Items listed in a dataset:
====

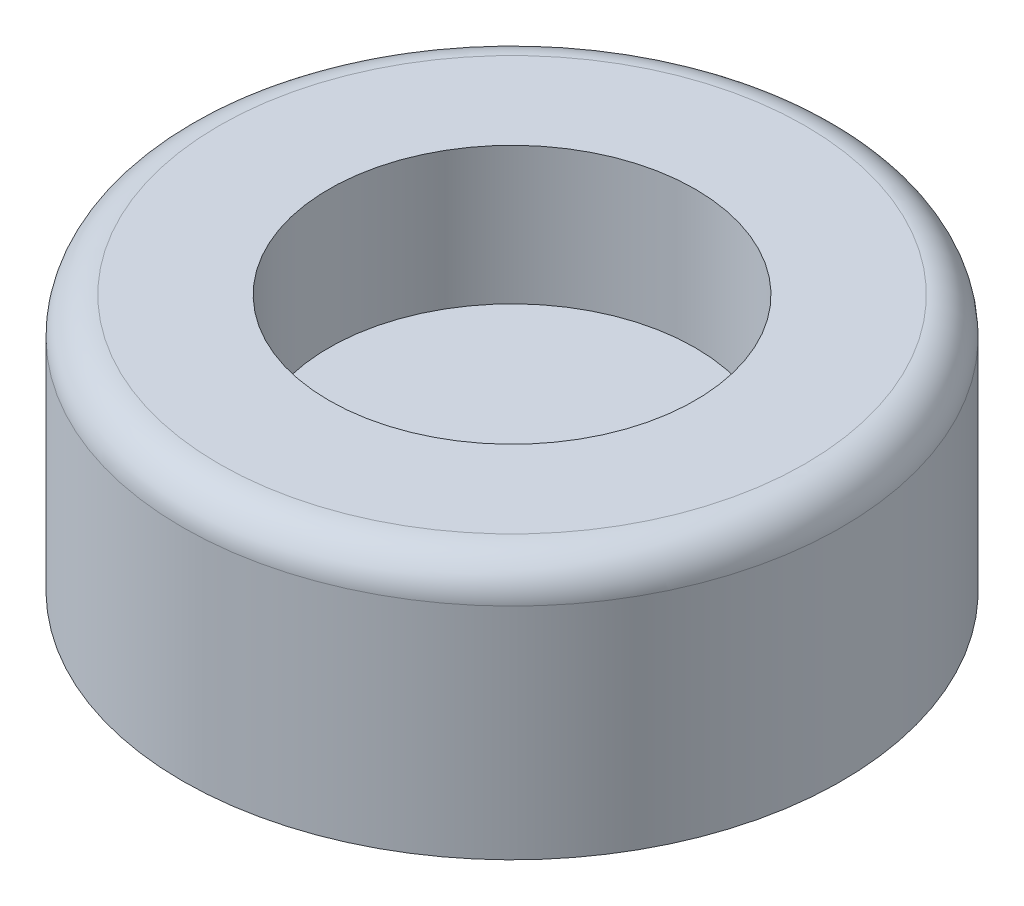
from build123d import *

# Parameters (mm, degrees)
SKETCH1_R           = 11.43
BOSS_EXTRUDE1_DEPTH = 8.89
SKETCH2_R           = 6.35
CUT_EXTRUDE1_DEPTH  = 4.7625
FILLET4_R           = 1.27
SKETCH3_R           = 3.175
CUT_EXTRUDE2_DEPTH  = 2.54


with BuildPart() as part:
    # Sketch1 → Boss-Extrude1 (new body)
    with BuildSketch(Plane(origin=(0, 0, 0), x_dir=(1, 0, 0), z_dir=(0, 1, 0))):
        Circle(SKETCH1_R)
    extrude(amount=BOSS_EXTRUDE1_DEPTH)

    # Sketch2 → Cut-Extrude1 (cut)
    with BuildSketch(Plane(origin=(0, 8.89, 0), x_dir=(1, 0, 0), z_dir=(0, 1, 0))):
        Circle(SKETCH2_R)
    extrude(amount=-CUT_EXTRUDE1_DEPTH, mode=Mode.SUBTRACT)

    # Fillet4
    fillet4_edges = [part.edges().sort_by_distance(p)[0] for p in [
        (-11.43, 8.89, 0),
    ]]
    fillet(fillet4_edges, radius=FILLET4_R)

    # Sketch3 → Cut-Extrude2 (cut)
    with BuildSketch(Plane.XZ):
        Circle(SKETCH3_R)
    extrude(amount=-CUT_EXTRUDE2_DEPTH, mode=Mode.SUBTRACT)


solid = part.part

====

INSTRUCTIONS TO FOLLOW:
Copy out the entries exactly as they stand, omitting the images.

SOLUTION:
from build123d import *

# Parameters (mm, degrees)
SKETCH1_R           = 11.43
BOSS_EXTRUDE1_DEPTH = 8.89
SKETCH2_R           = 6.35
CUT_EXTRUDE1_DEPTH  = 4.7625
FILLET4_R           = 1.27
SKETCH3_R           = 3.175
CUT_EXTRUDE2_DEPTH  = 2.54


with BuildPart() as part:
    # Sketch1 → Boss-Extrude1 (new body)
    with BuildSketch(Plane(origin=(0, 0, 0), x_dir=(1, 0, 0), z_dir=(0, 1, 0))):
        Circle(SKETCH1_R)
    extrude(amount=BOSS_EXTRUDE1_DEPTH)

    # Sketch2 → Cut-Extrude1 (cut)
    with BuildSketch(Plane(origin=(0, 8.89, 0), x_dir=(1, 0, 0), z_dir=(0, 1, 0))):
        Circle(SKETCH2_R)
    extrude(amount=-CUT_EXTRUDE1_DEPTH, mode=Mode.SUBTRACT)

    # Fillet4
    fillet4_edges = [part.edges().sort_by_distance(p)[0] for p in [
        (-11.43, 8.89, 0),
    ]]
    fillet(fillet4_edges, radius=FILLET4_R)

    # Sketch3 → Cut-Extrude2 (cut)
    with BuildSketch(Plane.XZ):
        Circle(SKETCH3_R)
    extrude(amount=-CUT_EXTRUDE2_DEPTH, mode=Mode.SUBTRACT)


solid = part.part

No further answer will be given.